WHAT TO WORK ON → Below are the records; restate word for word the lines from the first through the one containing "[picture b4s2: schematic", and only those.

TASK MATERIAL →
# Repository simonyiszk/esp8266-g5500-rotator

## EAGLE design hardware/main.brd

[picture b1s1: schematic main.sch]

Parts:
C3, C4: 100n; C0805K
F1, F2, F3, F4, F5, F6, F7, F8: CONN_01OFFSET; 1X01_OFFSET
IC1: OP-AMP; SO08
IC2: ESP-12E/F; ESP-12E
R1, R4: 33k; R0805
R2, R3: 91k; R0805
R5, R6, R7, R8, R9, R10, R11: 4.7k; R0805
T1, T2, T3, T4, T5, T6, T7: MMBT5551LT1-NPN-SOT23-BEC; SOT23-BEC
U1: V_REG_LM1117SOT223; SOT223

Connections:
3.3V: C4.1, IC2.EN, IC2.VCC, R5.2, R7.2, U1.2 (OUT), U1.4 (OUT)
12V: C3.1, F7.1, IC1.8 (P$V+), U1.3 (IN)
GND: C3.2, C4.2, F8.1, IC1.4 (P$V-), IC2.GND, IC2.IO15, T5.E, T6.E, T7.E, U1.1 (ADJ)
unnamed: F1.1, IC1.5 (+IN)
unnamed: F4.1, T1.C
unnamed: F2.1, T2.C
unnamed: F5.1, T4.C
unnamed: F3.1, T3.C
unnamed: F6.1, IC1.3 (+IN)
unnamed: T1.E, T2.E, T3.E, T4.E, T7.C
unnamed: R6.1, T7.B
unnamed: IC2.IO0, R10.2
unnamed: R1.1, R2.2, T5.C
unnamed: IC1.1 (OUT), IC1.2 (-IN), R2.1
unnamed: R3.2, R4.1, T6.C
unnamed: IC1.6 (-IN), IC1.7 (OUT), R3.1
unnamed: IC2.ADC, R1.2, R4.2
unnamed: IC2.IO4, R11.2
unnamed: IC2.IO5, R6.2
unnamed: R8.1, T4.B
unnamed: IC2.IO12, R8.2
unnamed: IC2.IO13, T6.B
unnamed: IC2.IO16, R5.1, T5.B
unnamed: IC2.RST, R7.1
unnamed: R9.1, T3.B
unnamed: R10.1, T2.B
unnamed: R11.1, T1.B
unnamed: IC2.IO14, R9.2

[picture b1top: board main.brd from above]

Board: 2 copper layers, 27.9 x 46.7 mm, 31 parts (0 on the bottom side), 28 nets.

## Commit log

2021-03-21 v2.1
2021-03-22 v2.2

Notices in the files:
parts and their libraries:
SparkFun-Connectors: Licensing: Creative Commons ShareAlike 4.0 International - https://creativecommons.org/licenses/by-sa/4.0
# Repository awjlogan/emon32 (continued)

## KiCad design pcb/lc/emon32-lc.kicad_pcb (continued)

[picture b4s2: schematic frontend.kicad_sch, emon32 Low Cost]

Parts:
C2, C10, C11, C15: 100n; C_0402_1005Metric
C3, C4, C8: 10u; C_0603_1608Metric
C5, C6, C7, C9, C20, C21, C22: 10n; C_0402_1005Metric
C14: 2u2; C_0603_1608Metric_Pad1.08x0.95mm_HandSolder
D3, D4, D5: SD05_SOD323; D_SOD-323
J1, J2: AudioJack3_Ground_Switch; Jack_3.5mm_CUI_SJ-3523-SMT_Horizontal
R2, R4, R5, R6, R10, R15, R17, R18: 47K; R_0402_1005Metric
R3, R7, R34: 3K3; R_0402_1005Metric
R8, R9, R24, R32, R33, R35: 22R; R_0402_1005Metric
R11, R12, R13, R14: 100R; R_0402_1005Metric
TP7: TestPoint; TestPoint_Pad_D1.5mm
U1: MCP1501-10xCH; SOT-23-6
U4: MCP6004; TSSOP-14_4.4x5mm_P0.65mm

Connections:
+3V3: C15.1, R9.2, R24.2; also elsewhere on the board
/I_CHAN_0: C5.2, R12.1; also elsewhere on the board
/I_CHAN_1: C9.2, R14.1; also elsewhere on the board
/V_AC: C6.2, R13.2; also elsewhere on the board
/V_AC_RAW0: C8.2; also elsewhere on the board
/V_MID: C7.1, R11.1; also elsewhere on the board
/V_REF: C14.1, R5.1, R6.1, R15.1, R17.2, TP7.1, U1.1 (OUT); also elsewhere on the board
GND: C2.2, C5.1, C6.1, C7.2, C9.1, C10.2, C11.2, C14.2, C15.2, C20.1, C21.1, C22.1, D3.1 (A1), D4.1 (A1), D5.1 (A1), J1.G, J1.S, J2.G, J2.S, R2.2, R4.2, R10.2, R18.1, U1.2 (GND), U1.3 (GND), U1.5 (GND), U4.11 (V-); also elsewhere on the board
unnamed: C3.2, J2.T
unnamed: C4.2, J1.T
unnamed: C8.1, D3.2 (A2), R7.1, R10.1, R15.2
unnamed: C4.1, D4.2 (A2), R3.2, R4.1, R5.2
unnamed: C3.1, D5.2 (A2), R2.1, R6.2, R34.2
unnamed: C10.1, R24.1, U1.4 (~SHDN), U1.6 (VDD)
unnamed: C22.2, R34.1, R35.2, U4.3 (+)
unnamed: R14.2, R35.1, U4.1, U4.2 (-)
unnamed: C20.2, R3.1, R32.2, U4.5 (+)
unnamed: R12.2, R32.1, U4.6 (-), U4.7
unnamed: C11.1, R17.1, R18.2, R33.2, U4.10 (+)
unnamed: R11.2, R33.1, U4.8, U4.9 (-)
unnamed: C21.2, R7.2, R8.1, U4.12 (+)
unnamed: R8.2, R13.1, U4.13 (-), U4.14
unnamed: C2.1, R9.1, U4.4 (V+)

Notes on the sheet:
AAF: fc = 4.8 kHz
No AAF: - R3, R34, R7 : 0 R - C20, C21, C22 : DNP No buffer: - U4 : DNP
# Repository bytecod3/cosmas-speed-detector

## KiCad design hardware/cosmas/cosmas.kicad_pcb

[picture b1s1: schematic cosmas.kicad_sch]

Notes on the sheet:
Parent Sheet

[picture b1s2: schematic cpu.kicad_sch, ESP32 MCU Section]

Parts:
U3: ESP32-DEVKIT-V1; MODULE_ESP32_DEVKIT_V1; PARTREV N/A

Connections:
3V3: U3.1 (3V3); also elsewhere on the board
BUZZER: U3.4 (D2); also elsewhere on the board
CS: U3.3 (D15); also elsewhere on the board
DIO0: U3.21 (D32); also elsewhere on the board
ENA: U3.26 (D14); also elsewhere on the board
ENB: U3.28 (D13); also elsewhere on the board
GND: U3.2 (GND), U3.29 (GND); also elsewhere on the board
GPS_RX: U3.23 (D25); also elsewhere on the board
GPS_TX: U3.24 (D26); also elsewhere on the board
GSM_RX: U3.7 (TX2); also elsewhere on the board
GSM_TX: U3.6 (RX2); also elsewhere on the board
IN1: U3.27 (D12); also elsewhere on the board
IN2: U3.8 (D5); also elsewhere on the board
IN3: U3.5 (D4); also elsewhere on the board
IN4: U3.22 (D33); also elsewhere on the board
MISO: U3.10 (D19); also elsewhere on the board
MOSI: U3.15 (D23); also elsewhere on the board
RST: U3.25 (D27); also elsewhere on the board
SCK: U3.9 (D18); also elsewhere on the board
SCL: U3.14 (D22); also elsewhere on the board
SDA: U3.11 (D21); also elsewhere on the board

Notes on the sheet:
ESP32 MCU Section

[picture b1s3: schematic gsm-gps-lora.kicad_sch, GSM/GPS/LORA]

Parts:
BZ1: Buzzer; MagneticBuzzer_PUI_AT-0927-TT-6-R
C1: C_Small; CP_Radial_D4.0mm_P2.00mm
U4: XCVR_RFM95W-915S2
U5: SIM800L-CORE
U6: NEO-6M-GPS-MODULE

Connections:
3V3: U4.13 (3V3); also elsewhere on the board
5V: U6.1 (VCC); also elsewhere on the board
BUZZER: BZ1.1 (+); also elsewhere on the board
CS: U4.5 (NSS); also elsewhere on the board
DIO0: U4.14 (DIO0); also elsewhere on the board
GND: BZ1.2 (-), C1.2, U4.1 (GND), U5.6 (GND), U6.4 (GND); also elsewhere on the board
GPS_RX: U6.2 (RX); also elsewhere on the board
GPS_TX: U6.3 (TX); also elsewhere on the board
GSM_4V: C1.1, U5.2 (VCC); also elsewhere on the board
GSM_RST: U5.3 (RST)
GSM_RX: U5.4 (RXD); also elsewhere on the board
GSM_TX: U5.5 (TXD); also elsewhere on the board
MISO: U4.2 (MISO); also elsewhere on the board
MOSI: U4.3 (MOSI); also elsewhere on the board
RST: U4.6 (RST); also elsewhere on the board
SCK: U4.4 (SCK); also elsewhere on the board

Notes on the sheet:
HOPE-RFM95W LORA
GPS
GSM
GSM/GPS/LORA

REPLY →
# Repository simonyiszk/esp8266-g5500-rotator

## EAGLE design hardware/main.brd

[picture b1s1: schematic main.sch]

Parts:
C3, C4: 100n; C0805K
F1, F2, F3, F4, F5, F6, F7, F8: CONN_01OFFSET; 1X01_OFFSET
IC1: OP-AMP; SO08
IC2: ESP-12E/F; ESP-12E
R1, R4: 33k; R0805
R2, R3: 91k; R0805
R5, R6, R7, R8, R9, R10, R11: 4.7k; R0805
T1, T2, T3, T4, T5, T6, T7: MMBT5551LT1-NPN-SOT23-BEC; SOT23-BEC
U1: V_REG_LM1117SOT223; SOT223

Connections:
3.3V: C4.1, IC2.EN, IC2.VCC, R5.2, R7.2, U1.2 (OUT), U1.4 (OUT)
12V: C3.1, F7.1, IC1.8 (P$V+), U1.3 (IN)
GND: C3.2, C4.2, F8.1, IC1.4 (P$V-), IC2.GND, IC2.IO15, T5.E, T6.E, T7.E, U1.1 (ADJ)
unnamed: F1.1, IC1.5 (+IN)
unnamed: F4.1, T1.C
unnamed: F2.1, T2.C
unnamed: F5.1, T4.C
unnamed: F3.1, T3.C
unnamed: F6.1, IC1.3 (+IN)
unnamed: T1.E, T2.E, T3.E, T4.E, T7.C
unnamed: R6.1, T7.B
unnamed: IC2.IO0, R10.2
unnamed: R1.1, R2.2, T5.C
unnamed: IC1.1 (OUT), IC1.2 (-IN), R2.1
unnamed: R3.2, R4.1, T6.C
unnamed: IC1.6 (-IN), IC1.7 (OUT), R3.1
unnamed: IC2.ADC, R1.2, R4.2
unnamed: IC2.IO4, R11.2
unnamed: IC2.IO5, R6.2
unnamed: R8.1, T4.B
unnamed: IC2.IO12, R8.2
unnamed: IC2.IO13, T6.B
unnamed: IC2.IO16, R5.1, T5.B
unnamed: IC2.RST, R7.1
unnamed: R9.1, T3.B
unnamed: R10.1, T2.B
unnamed: R11.1, T1.B
unnamed: IC2.IO14, R9.2

[picture b1top: board main.brd from above]

Board: 2 copper layers, 27.9 x 46.7 mm, 31 parts (0 on the bottom side), 28 nets.

## Commit log

2021-03-21 v2.1
2021-03-22 v2.2

Notices in the files:
parts and their libraries:
SparkFun-Connectors: Licensing: Creative Commons ShareAlike 4.0 International - https://creativecommons.org/licenses/by-sa/4.0
# Repository awjlogan/emon32 (continued)

## KiCad design pcb/lc/emon32-lc.kicad_pcb (continued)

[picture b4s2: schematic frontend.kicad_sch, emon32 Low Cost]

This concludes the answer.